## Given information
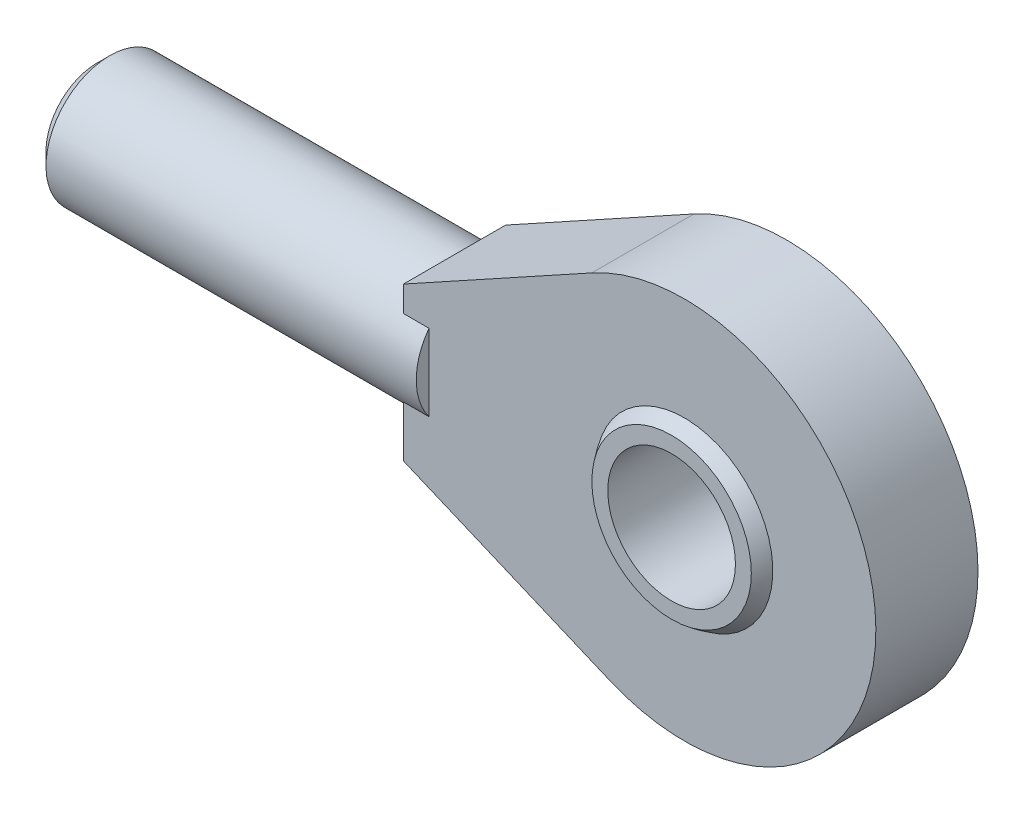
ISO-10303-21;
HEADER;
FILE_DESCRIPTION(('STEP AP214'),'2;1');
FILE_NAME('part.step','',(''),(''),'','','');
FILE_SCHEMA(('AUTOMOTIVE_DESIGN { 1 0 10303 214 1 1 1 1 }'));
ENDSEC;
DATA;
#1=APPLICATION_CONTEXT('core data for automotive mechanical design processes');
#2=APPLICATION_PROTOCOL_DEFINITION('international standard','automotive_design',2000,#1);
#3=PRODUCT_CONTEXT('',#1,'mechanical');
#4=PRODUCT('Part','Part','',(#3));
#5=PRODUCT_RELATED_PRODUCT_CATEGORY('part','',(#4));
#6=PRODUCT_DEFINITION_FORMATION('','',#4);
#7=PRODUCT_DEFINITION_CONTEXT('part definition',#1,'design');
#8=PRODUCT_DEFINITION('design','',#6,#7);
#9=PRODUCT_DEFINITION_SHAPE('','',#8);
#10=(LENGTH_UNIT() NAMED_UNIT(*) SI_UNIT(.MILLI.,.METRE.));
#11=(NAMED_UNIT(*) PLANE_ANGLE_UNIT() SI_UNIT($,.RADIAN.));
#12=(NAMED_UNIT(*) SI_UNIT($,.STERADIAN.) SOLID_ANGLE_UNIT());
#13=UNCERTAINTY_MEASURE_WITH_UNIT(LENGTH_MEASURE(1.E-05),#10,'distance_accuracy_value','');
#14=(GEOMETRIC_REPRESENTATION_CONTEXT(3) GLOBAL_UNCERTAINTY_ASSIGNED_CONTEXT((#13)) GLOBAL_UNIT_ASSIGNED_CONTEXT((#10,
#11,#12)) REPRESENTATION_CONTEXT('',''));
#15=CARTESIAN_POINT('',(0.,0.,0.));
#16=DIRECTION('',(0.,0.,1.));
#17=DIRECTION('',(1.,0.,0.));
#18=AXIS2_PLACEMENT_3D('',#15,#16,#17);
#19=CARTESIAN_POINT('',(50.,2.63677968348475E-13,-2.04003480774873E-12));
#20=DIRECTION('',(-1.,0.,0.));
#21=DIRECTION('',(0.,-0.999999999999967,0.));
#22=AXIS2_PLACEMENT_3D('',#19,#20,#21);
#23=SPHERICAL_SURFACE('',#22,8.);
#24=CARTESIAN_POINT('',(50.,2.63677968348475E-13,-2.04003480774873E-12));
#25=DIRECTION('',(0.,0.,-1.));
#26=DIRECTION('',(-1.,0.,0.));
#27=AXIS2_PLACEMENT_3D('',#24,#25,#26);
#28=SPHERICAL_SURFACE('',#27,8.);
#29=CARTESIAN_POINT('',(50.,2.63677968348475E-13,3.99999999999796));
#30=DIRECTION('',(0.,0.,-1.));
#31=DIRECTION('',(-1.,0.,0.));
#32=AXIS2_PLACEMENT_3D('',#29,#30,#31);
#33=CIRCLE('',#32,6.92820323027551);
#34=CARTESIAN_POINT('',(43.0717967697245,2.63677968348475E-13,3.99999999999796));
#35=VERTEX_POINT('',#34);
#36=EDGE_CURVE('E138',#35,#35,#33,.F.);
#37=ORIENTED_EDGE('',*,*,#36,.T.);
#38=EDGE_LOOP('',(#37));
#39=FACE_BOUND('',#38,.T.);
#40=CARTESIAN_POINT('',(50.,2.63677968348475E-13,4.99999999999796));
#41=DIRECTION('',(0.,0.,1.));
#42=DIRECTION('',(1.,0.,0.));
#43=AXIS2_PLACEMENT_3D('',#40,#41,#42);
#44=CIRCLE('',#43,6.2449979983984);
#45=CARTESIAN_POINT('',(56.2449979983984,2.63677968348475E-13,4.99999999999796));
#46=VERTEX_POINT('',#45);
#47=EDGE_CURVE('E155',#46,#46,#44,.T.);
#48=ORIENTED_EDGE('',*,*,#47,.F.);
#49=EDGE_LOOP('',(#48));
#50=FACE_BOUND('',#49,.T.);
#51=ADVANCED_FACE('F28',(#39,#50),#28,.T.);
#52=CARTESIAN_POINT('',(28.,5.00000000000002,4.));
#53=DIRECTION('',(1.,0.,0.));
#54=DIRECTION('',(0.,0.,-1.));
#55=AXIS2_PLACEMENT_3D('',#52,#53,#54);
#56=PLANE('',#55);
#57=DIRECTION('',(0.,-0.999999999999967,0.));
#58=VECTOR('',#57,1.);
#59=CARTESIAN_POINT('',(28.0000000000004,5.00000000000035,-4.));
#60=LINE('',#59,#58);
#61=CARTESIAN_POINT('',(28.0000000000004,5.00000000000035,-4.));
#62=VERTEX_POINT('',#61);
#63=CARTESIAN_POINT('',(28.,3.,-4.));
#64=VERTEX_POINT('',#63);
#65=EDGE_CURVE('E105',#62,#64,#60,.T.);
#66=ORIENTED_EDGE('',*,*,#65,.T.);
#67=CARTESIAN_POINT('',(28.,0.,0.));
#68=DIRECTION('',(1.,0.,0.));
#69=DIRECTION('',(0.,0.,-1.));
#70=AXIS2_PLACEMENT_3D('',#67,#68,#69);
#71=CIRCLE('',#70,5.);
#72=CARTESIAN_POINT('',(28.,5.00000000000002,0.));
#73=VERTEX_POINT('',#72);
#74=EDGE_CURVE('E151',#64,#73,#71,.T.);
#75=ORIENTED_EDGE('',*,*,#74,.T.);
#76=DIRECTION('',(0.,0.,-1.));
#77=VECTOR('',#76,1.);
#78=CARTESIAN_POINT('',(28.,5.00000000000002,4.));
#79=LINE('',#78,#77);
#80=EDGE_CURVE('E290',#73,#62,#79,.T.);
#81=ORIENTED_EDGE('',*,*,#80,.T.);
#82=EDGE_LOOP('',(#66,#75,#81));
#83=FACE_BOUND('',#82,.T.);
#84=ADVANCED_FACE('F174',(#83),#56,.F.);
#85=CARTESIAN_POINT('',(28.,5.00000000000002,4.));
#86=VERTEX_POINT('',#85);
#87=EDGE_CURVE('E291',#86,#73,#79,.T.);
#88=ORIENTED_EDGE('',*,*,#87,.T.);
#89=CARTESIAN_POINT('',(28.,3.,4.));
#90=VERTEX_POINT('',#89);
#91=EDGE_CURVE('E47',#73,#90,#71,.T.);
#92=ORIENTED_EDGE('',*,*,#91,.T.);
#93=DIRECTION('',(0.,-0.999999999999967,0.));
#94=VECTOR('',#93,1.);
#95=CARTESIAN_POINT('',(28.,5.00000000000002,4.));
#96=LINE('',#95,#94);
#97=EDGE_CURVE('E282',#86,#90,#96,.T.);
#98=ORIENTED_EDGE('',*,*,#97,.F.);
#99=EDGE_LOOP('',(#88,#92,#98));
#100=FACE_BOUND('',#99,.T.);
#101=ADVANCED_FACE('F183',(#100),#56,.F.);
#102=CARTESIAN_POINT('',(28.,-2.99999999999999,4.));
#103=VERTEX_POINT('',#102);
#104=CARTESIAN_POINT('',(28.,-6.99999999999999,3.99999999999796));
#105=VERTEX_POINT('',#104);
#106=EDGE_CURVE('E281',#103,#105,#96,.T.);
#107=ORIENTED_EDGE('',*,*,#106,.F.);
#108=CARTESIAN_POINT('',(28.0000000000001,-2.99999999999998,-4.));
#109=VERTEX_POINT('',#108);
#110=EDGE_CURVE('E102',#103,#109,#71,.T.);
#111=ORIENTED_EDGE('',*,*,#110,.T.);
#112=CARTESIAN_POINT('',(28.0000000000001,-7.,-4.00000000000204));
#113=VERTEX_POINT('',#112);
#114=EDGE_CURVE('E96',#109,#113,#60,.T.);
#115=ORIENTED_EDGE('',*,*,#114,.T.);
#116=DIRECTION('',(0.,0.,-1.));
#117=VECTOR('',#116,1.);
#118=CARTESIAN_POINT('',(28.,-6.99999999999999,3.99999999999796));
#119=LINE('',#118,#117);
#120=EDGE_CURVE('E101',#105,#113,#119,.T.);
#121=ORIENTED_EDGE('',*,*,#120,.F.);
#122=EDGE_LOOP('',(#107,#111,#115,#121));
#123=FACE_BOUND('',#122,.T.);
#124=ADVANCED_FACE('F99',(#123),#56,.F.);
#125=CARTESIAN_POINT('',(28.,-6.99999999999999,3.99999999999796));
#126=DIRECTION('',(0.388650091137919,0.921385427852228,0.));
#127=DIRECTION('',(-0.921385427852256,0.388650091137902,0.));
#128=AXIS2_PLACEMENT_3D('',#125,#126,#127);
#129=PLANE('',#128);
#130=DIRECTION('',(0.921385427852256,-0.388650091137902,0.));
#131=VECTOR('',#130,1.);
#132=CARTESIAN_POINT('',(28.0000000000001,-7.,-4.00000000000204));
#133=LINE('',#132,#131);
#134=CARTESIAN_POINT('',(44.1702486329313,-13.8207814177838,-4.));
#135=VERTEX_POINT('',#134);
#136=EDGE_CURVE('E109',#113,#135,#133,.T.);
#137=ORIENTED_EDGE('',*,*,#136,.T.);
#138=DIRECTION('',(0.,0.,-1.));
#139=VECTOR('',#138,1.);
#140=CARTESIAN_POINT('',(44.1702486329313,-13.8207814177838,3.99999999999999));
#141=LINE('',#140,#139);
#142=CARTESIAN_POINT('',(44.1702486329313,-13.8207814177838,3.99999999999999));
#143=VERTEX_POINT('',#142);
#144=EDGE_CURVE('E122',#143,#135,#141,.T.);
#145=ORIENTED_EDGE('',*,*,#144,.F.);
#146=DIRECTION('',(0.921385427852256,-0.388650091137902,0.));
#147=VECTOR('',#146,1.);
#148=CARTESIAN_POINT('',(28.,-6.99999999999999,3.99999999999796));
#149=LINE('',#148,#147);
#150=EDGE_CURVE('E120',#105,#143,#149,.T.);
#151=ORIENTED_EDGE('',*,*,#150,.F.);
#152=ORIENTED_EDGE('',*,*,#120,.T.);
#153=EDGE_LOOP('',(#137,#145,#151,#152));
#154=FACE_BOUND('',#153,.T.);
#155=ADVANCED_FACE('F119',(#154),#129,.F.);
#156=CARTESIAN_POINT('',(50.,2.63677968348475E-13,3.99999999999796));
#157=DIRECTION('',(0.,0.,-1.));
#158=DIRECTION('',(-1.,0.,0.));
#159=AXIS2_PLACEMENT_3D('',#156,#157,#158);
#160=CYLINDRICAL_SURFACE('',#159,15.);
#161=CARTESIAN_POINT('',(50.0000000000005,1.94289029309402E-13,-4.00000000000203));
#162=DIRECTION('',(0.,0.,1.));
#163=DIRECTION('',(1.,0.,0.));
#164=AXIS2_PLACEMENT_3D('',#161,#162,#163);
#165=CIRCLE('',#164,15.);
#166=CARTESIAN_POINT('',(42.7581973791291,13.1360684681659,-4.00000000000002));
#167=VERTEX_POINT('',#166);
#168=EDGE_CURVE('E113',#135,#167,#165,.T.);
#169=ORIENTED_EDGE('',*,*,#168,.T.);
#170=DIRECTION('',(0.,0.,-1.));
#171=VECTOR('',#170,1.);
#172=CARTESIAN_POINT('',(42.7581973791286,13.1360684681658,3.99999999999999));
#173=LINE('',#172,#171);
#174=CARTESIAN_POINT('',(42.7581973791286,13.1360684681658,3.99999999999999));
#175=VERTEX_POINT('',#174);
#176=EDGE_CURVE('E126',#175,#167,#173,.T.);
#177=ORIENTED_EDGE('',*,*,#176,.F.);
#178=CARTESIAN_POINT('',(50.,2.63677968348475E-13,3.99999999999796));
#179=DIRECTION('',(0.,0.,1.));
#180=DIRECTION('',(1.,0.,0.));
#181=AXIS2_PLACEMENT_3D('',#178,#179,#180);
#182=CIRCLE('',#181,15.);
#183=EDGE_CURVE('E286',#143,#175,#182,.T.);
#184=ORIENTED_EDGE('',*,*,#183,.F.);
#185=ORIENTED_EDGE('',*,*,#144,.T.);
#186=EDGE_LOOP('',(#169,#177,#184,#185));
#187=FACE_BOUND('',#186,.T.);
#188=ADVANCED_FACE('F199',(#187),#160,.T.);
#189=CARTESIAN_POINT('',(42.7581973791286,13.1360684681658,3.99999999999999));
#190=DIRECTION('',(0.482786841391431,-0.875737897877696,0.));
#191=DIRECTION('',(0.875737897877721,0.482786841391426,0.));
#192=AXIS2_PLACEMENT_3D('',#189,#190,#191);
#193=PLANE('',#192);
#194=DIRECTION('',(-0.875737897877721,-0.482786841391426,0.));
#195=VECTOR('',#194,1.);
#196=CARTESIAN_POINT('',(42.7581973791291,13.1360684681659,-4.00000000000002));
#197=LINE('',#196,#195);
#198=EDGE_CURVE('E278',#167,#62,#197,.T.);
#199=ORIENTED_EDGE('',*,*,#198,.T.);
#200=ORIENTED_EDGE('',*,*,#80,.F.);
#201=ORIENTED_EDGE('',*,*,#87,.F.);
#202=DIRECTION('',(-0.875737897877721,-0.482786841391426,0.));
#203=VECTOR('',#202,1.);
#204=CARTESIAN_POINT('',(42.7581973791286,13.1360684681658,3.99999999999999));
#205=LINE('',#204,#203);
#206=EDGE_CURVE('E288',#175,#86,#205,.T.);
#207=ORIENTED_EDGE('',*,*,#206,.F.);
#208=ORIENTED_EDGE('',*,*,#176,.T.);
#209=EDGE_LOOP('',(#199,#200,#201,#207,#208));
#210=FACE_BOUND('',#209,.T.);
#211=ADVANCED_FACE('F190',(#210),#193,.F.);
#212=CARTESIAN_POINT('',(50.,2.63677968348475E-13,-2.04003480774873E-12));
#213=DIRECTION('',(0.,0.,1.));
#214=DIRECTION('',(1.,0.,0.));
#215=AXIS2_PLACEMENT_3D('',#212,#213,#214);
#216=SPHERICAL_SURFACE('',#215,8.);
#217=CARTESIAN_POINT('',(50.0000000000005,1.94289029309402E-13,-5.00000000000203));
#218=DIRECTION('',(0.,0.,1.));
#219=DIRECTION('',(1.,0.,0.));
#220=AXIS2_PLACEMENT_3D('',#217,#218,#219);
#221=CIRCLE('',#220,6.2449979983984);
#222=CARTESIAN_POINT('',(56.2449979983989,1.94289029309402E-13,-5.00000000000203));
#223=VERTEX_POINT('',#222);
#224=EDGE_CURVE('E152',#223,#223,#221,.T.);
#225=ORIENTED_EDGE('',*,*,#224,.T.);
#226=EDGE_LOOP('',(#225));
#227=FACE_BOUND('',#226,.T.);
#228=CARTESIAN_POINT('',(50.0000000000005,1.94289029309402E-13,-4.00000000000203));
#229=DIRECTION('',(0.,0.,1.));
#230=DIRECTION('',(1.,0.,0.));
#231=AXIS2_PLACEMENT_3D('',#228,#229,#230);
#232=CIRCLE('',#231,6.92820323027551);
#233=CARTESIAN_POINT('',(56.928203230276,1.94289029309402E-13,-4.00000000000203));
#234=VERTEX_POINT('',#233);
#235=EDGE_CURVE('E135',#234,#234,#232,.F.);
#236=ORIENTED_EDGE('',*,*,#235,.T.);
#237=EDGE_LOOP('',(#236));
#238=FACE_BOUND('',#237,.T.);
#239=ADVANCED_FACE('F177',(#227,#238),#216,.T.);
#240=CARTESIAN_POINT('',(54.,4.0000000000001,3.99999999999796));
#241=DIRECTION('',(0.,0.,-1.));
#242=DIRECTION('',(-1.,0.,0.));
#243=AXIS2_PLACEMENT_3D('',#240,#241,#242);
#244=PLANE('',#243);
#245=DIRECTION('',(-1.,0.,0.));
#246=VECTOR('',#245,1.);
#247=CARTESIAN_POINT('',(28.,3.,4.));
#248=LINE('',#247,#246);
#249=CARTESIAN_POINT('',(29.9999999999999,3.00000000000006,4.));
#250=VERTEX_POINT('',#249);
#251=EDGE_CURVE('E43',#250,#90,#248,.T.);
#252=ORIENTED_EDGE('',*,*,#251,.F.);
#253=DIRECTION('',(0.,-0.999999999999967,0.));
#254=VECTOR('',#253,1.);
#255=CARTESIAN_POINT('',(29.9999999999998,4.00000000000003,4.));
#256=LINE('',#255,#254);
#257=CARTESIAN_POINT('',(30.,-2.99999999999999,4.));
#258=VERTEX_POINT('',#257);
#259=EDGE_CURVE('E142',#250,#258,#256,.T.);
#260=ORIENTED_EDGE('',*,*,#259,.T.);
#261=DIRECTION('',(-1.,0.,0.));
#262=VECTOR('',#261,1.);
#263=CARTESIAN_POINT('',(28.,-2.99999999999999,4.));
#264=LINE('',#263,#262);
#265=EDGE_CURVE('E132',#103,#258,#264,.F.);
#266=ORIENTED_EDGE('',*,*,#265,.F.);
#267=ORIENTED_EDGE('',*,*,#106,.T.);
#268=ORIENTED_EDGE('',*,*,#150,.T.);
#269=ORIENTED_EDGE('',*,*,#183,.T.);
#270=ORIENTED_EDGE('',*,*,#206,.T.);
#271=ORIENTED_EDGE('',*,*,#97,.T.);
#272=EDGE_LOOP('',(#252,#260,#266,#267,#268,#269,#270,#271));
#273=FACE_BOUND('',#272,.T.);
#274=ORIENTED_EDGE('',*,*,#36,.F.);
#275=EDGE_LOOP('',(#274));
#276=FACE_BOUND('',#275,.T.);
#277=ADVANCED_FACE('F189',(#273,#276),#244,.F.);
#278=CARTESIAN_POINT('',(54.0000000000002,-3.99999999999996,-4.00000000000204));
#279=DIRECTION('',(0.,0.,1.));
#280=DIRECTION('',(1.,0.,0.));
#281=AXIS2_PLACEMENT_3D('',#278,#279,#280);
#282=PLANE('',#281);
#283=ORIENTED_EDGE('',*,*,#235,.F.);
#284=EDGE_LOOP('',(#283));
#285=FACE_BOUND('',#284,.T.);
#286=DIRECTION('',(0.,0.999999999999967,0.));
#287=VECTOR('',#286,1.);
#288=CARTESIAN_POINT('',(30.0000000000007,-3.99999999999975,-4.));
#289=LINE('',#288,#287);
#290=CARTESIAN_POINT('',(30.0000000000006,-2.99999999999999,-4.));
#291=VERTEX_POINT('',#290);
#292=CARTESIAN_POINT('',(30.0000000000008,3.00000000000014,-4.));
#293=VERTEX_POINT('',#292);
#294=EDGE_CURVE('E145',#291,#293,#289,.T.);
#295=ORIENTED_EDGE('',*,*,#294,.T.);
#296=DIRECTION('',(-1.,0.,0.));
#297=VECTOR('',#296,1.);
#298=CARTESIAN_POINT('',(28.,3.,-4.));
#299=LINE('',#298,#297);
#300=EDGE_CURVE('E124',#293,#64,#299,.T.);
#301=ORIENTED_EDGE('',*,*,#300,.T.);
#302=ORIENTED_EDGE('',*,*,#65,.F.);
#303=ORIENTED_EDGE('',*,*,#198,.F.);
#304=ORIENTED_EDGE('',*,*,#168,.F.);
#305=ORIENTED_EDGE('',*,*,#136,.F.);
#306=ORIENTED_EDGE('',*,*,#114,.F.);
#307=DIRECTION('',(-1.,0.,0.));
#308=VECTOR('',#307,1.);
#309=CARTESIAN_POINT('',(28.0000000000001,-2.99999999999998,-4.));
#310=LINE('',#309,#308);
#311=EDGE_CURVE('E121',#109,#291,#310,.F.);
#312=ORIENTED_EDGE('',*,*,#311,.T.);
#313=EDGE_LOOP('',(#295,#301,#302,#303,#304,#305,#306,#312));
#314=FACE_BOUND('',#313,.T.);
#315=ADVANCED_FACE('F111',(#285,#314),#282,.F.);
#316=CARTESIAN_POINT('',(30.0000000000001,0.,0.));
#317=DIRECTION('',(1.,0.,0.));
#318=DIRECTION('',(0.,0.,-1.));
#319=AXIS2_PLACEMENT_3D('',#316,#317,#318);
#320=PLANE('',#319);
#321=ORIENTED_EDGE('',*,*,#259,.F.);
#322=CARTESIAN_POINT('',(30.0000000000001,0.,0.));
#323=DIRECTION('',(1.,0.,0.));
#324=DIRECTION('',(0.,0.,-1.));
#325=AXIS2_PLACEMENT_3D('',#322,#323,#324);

## Instructions for the task
The expected answer is an exact copy of the lines above, beginning at the line with "#67=CARTESIAN_POINT('',(28.,0.,0.));" and ending at the line with "#111=ORIENTED_EDGE('',*,*,#110,.T.);", with both ends in.

## Solution
#67=CARTESIAN_POINT('',(28.,0.,0.));
#68=DIRECTION('',(1.,0.,0.));
#69=DIRECTION('',(0.,0.,-1.));
#70=AXIS2_PLACEMENT_3D('',#67,#68,#69);
#71=CIRCLE('',#70,5.);
#72=CARTESIAN_POINT('',(28.,5.00000000000002,0.));
#73=VERTEX_POINT('',#72);
#74=EDGE_CURVE('E151',#64,#73,#71,.T.);
#75=ORIENTED_EDGE('',*,*,#74,.T.);
#76=DIRECTION('',(0.,0.,-1.));
#77=VECTOR('',#76,1.);
#78=CARTESIAN_POINT('',(28.,5.00000000000002,4.));
#79=LINE('',#78,#77);
#80=EDGE_CURVE('E290',#73,#62,#79,.T.);
#81=ORIENTED_EDGE('',*,*,#80,.T.);
#82=EDGE_LOOP('',(#66,#75,#81));
#83=FACE_BOUND('',#82,.T.);
#84=ADVANCED_FACE('F174',(#83),#56,.F.);
#85=CARTESIAN_POINT('',(28.,5.00000000000002,4.));
#86=VERTEX_POINT('',#85);
#87=EDGE_CURVE('E291',#86,#73,#79,.T.);
#88=ORIENTED_EDGE('',*,*,#87,.T.);
#89=CARTESIAN_POINT('',(28.,3.,4.));
#90=VERTEX_POINT('',#89);
#91=EDGE_CURVE('E47',#73,#90,#71,.T.);
#92=ORIENTED_EDGE('',*,*,#91,.T.);
#93=DIRECTION('',(0.,-0.999999999999967,0.));
#94=VECTOR('',#93,1.);
#95=CARTESIAN_POINT('',(28.,5.00000000000002,4.));
#96=LINE('',#95,#94);
#97=EDGE_CURVE('E282',#86,#90,#96,.T.);
#98=ORIENTED_EDGE('',*,*,#97,.F.);
#99=EDGE_LOOP('',(#88,#92,#98));
#100=FACE_BOUND('',#99,.T.);
#101=ADVANCED_FACE('F183',(#100),#56,.F.);
#102=CARTESIAN_POINT('',(28.,-2.99999999999999,4.));
#103=VERTEX_POINT('',#102);
#104=CARTESIAN_POINT('',(28.,-6.99999999999999,3.99999999999796));
#105=VERTEX_POINT('',#104);
#106=EDGE_CURVE('E281',#103,#105,#96,.T.);
#107=ORIENTED_EDGE('',*,*,#106,.F.);
#108=CARTESIAN_POINT('',(28.0000000000001,-2.99999999999998,-4.));
#109=VERTEX_POINT('',#108);
#110=EDGE_CURVE('E102',#103,#109,#71,.T.);
#111=ORIENTED_EDGE('',*,*,#110,.T.);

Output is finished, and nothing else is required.